Transcribe word for word the lines below from the line with "If you're interested" through the line with "supported by Miriam", ends included.

■ Records contained in a dataset ■
• • • • •

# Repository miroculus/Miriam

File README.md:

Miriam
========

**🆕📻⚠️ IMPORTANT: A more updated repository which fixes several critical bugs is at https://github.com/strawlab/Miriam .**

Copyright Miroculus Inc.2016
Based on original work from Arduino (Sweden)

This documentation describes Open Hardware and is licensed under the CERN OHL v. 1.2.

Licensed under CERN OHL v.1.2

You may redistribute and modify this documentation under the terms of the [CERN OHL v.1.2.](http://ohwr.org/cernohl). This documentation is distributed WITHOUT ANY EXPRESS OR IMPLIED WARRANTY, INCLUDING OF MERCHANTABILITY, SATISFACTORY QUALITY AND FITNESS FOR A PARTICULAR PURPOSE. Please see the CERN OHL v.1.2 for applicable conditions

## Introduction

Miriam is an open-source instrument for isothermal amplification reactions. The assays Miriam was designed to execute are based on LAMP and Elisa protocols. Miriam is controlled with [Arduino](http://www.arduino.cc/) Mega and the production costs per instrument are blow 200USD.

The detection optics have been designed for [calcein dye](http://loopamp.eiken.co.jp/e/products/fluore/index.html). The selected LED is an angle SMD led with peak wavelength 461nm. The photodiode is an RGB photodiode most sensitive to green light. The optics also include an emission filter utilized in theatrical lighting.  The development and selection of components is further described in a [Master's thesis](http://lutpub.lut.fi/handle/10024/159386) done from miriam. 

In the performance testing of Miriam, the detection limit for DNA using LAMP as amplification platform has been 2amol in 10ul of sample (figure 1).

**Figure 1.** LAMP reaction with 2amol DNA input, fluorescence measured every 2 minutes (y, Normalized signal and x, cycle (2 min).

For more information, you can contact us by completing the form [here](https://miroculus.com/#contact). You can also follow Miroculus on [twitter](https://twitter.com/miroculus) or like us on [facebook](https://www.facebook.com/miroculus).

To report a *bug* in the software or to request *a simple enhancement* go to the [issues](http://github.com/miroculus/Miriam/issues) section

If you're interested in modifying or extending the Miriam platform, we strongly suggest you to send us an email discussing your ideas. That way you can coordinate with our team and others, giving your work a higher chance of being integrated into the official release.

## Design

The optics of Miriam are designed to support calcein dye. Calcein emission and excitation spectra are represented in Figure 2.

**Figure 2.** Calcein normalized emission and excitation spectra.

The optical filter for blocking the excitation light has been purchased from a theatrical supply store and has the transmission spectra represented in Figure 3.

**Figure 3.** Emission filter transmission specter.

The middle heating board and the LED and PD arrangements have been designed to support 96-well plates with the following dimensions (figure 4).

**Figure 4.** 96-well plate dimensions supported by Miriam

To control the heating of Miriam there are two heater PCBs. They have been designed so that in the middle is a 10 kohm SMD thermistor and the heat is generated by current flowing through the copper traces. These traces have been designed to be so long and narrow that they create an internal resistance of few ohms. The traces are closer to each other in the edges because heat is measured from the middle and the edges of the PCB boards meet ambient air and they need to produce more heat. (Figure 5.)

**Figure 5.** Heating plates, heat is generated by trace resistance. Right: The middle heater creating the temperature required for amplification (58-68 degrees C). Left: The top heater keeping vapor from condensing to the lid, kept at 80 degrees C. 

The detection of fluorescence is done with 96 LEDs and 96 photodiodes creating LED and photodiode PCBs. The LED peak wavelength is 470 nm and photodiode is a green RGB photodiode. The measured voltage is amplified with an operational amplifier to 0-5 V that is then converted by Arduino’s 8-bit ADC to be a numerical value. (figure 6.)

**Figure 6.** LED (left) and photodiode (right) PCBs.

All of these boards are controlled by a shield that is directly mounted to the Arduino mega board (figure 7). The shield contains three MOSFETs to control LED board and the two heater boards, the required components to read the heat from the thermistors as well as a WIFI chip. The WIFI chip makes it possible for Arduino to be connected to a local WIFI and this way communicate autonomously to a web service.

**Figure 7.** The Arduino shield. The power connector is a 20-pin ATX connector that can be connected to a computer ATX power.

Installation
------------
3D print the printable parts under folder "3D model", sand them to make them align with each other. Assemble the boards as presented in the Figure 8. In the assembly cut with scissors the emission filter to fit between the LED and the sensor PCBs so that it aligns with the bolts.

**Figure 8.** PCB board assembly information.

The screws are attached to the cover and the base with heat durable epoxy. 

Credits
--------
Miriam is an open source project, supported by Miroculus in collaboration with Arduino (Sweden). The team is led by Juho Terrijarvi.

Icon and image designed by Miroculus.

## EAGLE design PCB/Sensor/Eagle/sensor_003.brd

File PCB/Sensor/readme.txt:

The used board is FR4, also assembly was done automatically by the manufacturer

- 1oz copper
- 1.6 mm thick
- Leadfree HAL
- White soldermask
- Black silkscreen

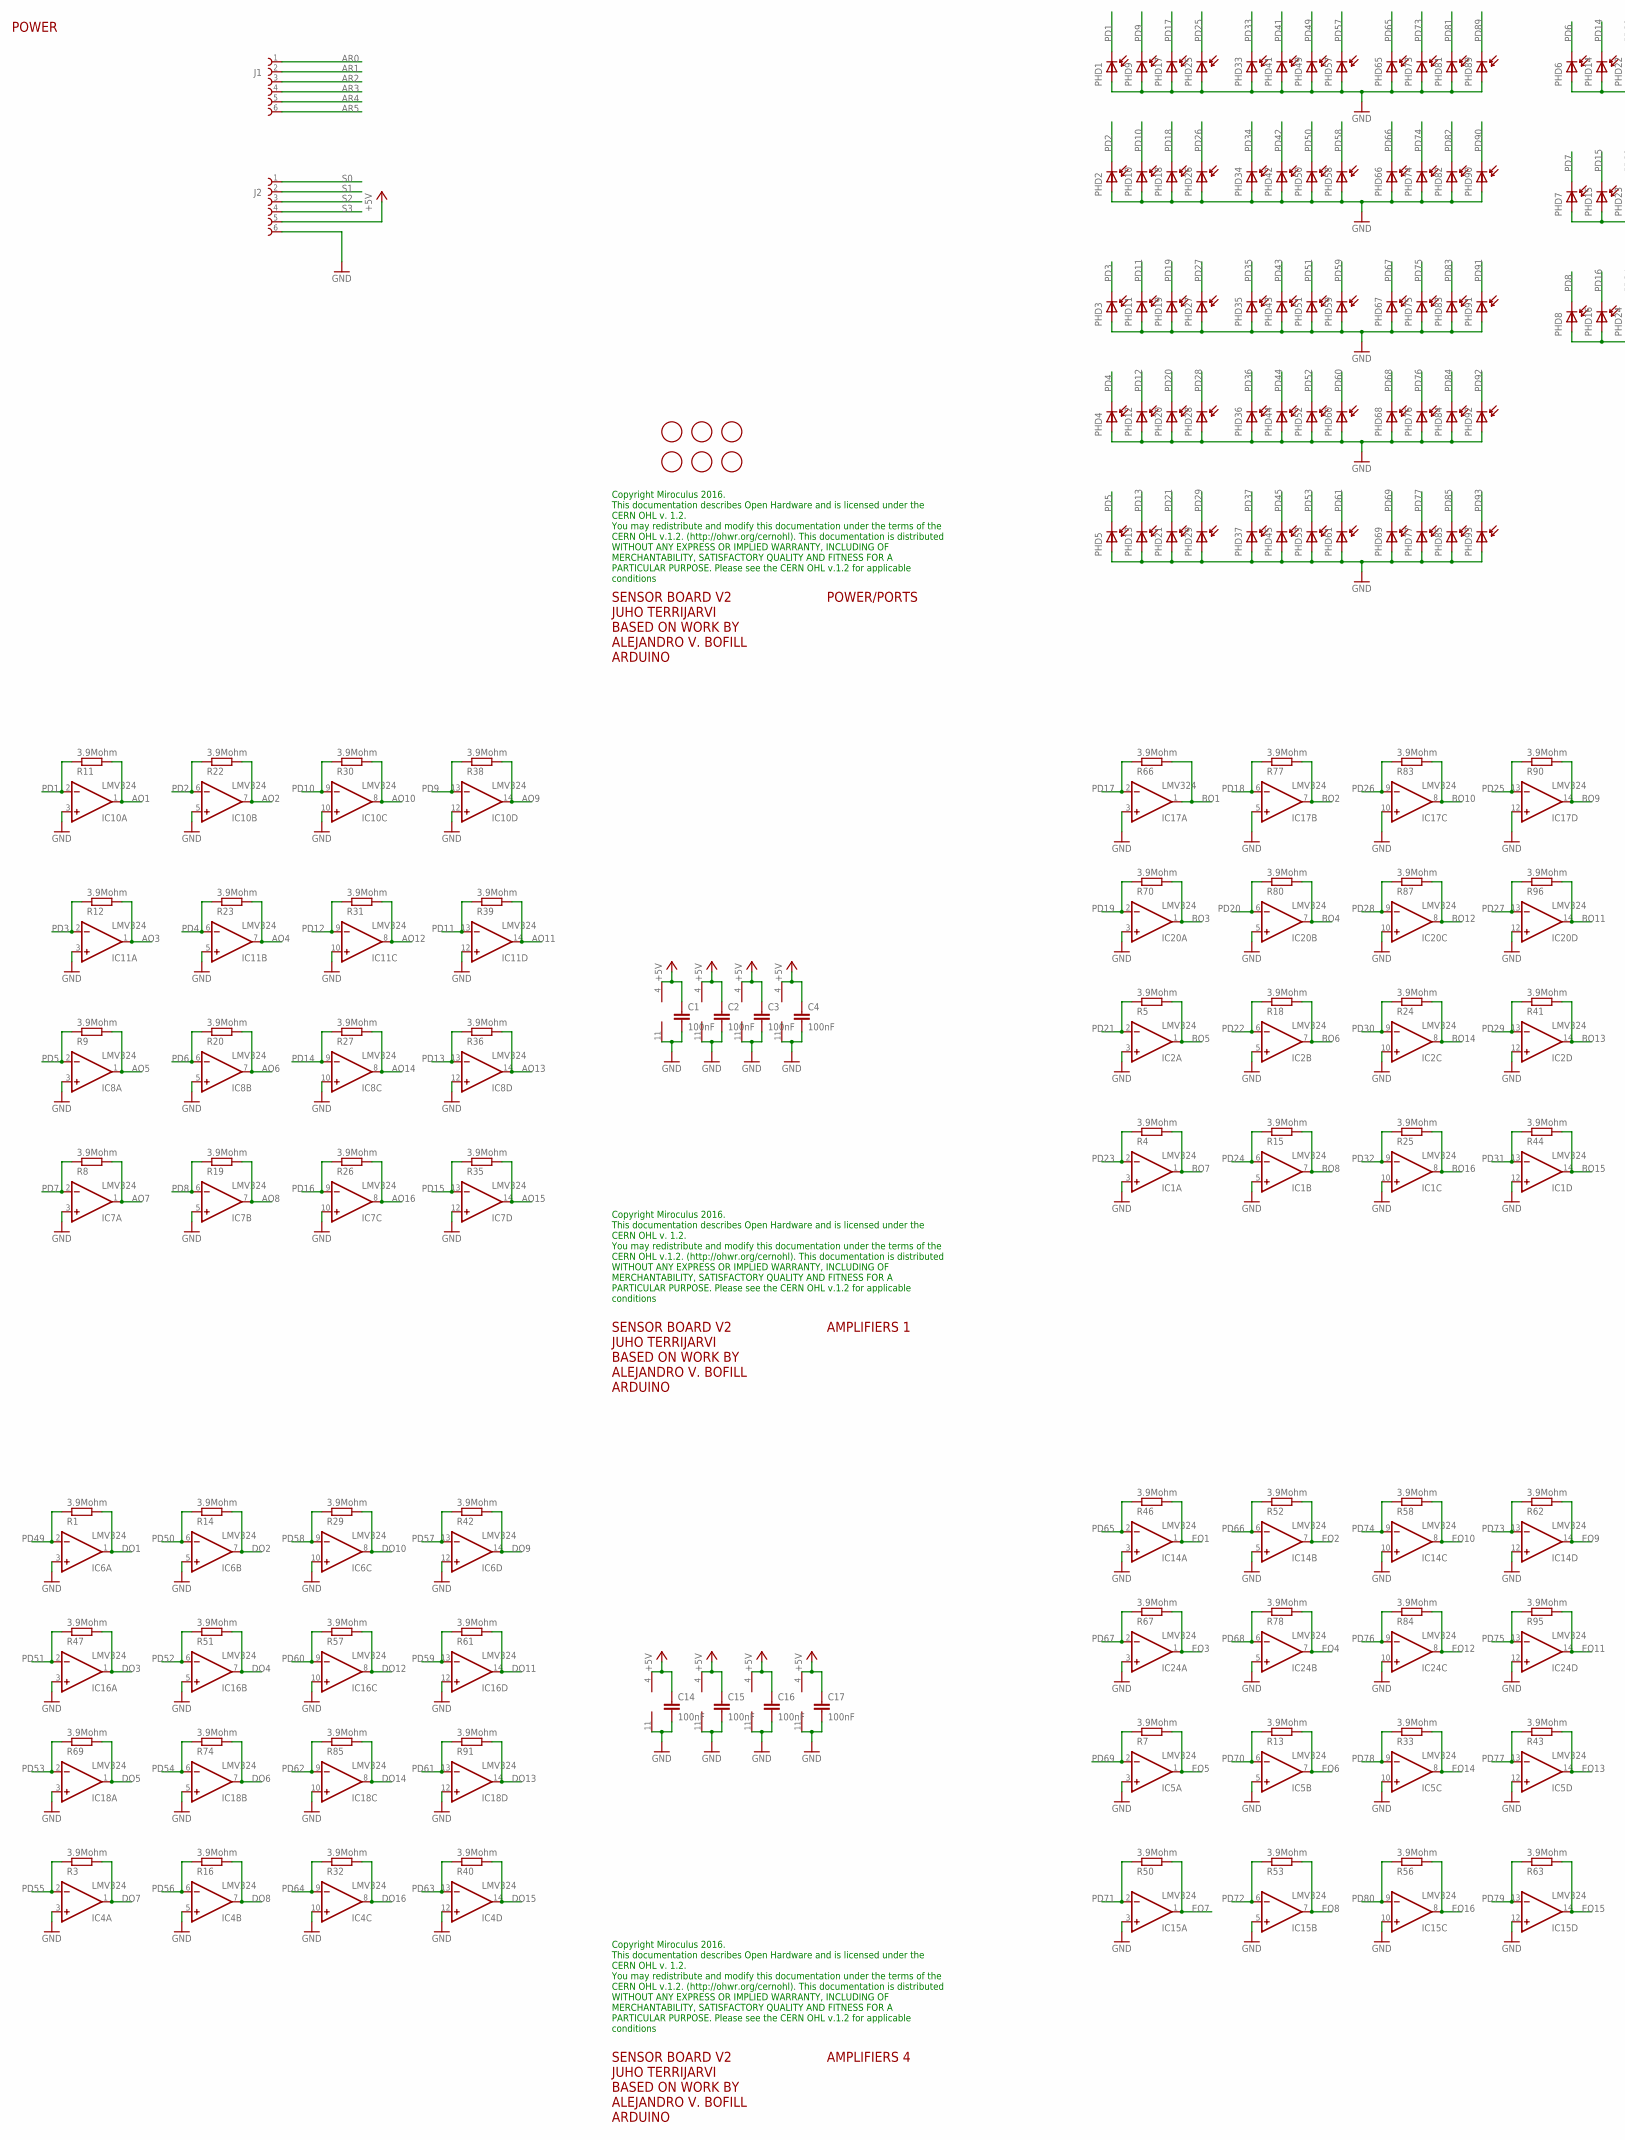
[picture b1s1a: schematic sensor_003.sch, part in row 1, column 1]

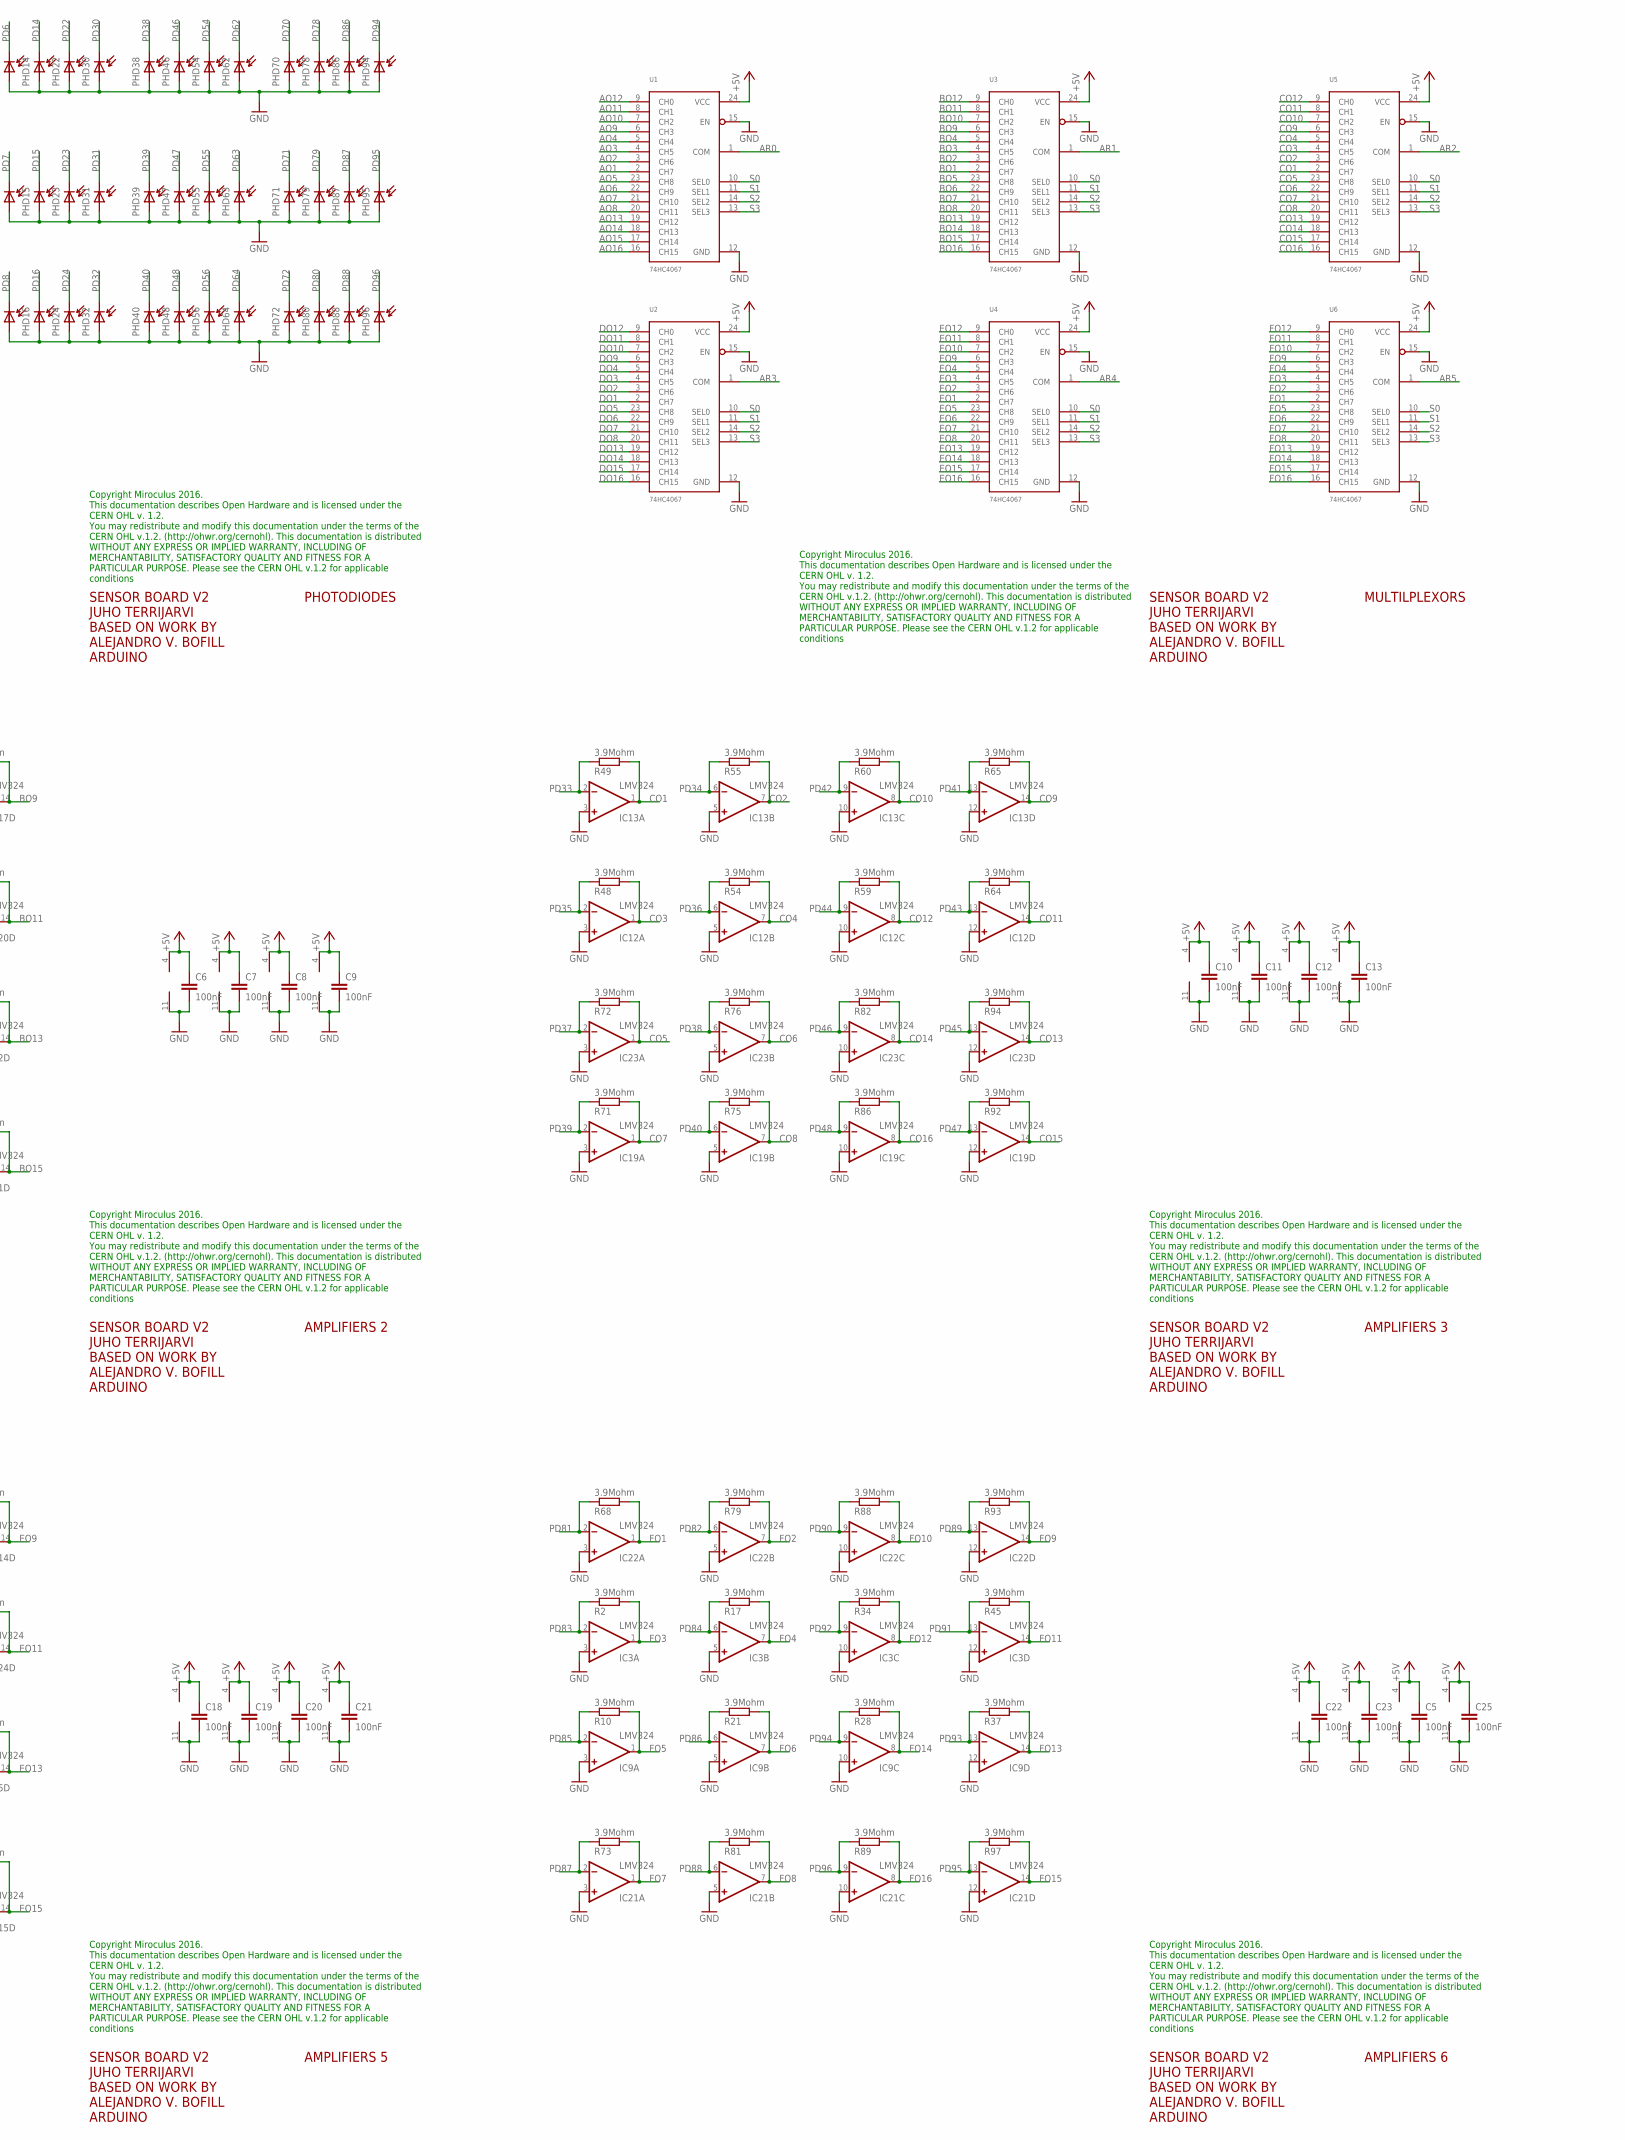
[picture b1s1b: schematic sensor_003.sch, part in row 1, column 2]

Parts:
C1, C2, C3, C4, C5, C6, C7, C8, C9, C10, C11, C12, C13, C14, C15, C16, C17, C18, C19, C20, C21, C22, C23, C25: 100nF; C0603
FD1, FD2, FD3, FD4, FD5, FD6: FIDUCIALMOUNT; FIDUCIA-MOUNT
IC1, IC2, IC3, IC4, IC5, IC6, IC7, IC8, IC9, IC10, IC11, IC12, IC13, IC14, IC15, IC16, IC17, IC18, IC19, IC20, IC21, IC22, IC23, IC24: LMV324; SO14
J1, J2: 68710614522
PHD1, PHD2, PHD3, PHD4, PHD5, PHD6, PHD7, PHD8, PHD9, PHD10, PHD11, PHD12, PHD13, PHD14, PHD15, PHD16, PHD17, PHD18, PHD19, PHD20, PHD21, PHD22, PHD23, PHD24, PHD25, PHD26, PHD27, PHD28, PHD29, PHD30, PHD31, PHD32, PHD33, PHD34, PHD35, PHD36, PHD37, PHD38, PHD39, PHD40, PHD41, PHD42, PHD43, PHD44, PHD45, PHD46, PHD47, PHD48, PHD49, PHD50, PHD51, PHD52, PHD53, PHD54, PHD55, PHD56, PHD57, PHD58, PHD59, PHD60, PHD61, PHD62, PHD63, PHD64, PHD65, PHD66, PHD67, PHD68, PHD69, PHD70, PHD71, PHD72, PHD73, PHD74, PHD75, PHD76, PHD77, PHD78, PHD79, PHD80, PHD81, PHD82, PHD83, PHD84, PHD85, PHD86, PHD87, PHD88, PHD89, PHD90, PHD91, PHD92, PHD93, PHD94, PHD95, PHD96: CLS15-22C/L213G/TR8; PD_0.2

• • • • •

■ Solution to this problem ■
If you're interested in modifying or extending the Miriam platform, we strongly suggest you to send us an email discussing your ideas. That way you can coordinate with our team and others, giving your work a higher chance of being integrated into the official release.

## Design

The optics of Miriam are designed to support calcein dye. Calcein emission and excitation spectra are represented in Figure 2.

**Figure 2.** Calcein normalized emission and excitation spectra.

The optical filter for blocking the excitation light has been purchased from a theatrical supply store and has the transmission spectra represented in Figure 3.

**Figure 3.** Emission filter transmission specter.

The middle heating board and the LED and PD arrangements have been designed to support 96-well plates with the following dimensions (figure 4).

**Figure 4.** 96-well plate dimensions supported by Miriam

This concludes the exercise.